━━━━━ Extracted records ━━━━━

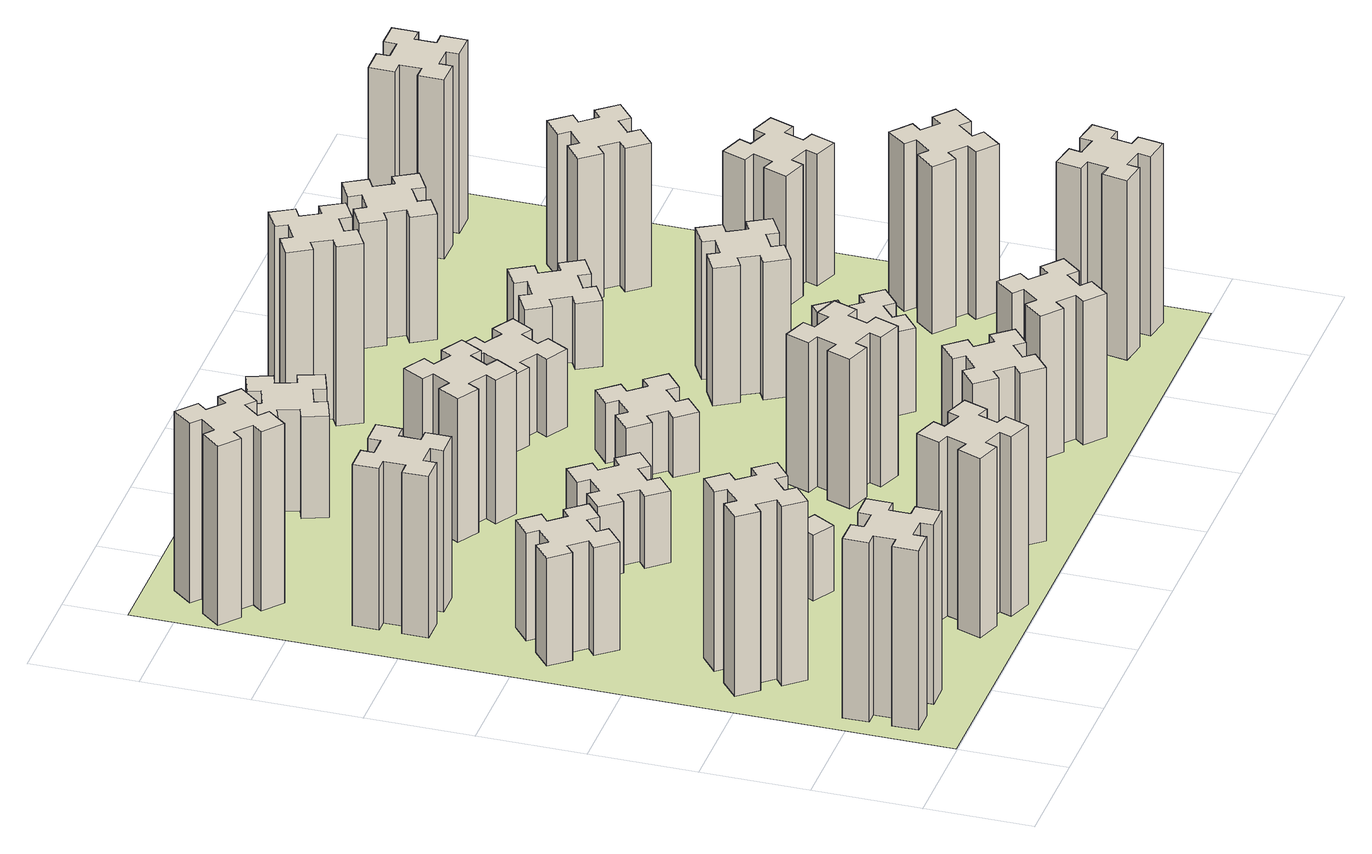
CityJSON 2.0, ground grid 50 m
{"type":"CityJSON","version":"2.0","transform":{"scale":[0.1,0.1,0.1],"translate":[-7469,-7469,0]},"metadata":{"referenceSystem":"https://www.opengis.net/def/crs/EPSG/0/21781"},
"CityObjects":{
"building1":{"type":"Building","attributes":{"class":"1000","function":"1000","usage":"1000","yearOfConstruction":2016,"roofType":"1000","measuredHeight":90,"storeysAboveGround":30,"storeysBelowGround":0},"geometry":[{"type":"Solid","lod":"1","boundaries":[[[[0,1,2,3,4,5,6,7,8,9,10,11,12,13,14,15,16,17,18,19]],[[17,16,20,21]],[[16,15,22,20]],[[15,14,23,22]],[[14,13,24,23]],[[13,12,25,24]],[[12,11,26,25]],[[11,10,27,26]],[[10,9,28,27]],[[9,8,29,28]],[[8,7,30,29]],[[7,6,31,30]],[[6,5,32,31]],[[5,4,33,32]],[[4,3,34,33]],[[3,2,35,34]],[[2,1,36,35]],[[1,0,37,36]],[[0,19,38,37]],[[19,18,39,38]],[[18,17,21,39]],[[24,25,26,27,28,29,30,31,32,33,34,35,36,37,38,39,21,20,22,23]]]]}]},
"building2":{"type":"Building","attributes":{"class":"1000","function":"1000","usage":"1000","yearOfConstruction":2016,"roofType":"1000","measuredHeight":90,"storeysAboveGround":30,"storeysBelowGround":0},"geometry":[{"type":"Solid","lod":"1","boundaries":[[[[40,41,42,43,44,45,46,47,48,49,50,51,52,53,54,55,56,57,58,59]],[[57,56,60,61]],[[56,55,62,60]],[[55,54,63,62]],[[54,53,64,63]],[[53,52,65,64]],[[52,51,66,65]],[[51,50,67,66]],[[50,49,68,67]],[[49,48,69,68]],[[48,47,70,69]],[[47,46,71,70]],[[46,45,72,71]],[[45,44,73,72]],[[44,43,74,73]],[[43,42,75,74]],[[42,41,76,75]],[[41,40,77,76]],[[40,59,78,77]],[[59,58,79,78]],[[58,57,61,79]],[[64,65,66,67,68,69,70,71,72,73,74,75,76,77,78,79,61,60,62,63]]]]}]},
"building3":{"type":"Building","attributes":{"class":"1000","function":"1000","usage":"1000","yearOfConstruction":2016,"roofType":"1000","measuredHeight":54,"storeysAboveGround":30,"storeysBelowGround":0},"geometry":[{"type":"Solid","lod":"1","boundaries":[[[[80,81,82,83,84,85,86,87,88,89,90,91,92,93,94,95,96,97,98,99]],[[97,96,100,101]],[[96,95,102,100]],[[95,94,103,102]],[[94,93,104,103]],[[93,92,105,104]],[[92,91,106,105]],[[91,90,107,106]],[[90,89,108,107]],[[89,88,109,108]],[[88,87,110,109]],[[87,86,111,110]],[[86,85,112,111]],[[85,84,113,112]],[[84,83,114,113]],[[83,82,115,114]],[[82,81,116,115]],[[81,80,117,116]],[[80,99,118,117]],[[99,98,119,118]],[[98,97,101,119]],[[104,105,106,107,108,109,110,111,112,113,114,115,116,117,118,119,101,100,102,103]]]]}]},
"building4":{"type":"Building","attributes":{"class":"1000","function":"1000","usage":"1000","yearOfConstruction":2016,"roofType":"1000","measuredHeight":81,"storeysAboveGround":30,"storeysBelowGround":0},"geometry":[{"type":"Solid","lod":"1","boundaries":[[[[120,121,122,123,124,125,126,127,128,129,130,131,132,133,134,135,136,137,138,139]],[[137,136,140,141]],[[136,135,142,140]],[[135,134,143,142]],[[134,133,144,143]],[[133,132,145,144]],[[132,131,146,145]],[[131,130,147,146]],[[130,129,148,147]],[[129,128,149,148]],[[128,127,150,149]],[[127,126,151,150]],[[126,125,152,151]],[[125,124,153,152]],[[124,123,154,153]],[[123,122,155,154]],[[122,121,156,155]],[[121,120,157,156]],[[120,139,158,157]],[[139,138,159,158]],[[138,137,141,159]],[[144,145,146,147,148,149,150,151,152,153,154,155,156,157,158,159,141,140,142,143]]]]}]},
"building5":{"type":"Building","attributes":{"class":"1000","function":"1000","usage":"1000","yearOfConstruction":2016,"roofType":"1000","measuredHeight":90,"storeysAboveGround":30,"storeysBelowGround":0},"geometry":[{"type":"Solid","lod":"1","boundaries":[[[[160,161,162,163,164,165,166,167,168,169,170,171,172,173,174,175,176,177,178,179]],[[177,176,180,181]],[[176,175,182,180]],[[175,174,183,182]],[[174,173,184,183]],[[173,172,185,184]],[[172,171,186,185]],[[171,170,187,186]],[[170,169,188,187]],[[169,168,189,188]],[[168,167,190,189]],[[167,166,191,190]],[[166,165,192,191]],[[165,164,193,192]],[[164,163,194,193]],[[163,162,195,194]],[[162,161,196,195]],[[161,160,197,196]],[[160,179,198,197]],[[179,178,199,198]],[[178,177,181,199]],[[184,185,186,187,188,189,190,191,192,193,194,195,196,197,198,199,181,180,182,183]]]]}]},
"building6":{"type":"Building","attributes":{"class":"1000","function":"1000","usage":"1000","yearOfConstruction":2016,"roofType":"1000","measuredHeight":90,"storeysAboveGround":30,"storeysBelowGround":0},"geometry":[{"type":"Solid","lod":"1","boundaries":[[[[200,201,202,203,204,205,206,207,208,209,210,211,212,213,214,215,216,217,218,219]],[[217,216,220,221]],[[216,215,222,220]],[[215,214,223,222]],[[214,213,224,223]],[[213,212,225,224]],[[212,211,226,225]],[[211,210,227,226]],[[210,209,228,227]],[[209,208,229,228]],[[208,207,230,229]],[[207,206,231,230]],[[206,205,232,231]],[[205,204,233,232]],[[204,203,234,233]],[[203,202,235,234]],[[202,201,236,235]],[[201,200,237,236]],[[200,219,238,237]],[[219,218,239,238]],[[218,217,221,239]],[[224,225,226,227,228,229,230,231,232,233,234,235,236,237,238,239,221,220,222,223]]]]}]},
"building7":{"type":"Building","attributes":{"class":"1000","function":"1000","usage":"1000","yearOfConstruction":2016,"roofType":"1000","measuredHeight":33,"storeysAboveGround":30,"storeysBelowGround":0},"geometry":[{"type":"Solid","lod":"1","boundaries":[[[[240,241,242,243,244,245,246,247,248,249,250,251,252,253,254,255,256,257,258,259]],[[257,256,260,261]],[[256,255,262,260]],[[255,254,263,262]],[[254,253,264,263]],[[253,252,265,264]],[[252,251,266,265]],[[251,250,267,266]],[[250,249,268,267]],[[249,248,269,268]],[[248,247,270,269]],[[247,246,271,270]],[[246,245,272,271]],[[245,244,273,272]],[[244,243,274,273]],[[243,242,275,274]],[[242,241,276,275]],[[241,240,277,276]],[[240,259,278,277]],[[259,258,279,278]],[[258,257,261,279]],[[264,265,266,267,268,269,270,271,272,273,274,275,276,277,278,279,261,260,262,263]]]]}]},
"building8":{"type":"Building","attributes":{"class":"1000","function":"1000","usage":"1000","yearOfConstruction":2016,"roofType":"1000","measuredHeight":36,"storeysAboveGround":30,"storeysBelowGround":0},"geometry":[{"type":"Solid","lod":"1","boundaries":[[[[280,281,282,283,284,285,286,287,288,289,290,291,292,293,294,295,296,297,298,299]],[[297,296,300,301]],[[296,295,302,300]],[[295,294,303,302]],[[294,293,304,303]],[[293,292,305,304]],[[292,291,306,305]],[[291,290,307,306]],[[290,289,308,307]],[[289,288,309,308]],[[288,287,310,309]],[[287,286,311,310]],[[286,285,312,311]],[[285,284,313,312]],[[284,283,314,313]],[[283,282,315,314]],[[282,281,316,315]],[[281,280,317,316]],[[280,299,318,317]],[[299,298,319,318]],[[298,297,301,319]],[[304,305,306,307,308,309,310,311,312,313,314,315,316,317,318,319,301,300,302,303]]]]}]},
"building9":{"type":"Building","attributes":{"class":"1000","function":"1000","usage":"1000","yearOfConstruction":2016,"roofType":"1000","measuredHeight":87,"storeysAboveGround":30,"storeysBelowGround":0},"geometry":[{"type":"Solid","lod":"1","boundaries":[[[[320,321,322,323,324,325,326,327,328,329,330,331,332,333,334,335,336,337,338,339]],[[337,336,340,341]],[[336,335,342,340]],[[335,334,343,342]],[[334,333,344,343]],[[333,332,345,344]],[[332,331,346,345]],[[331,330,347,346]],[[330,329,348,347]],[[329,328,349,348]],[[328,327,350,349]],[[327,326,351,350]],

━━━━━

» Aim of the exercise:
The total wanted is the number of lines in the entries above that contain "CityJSON". Give it alone.

» Solution below:
2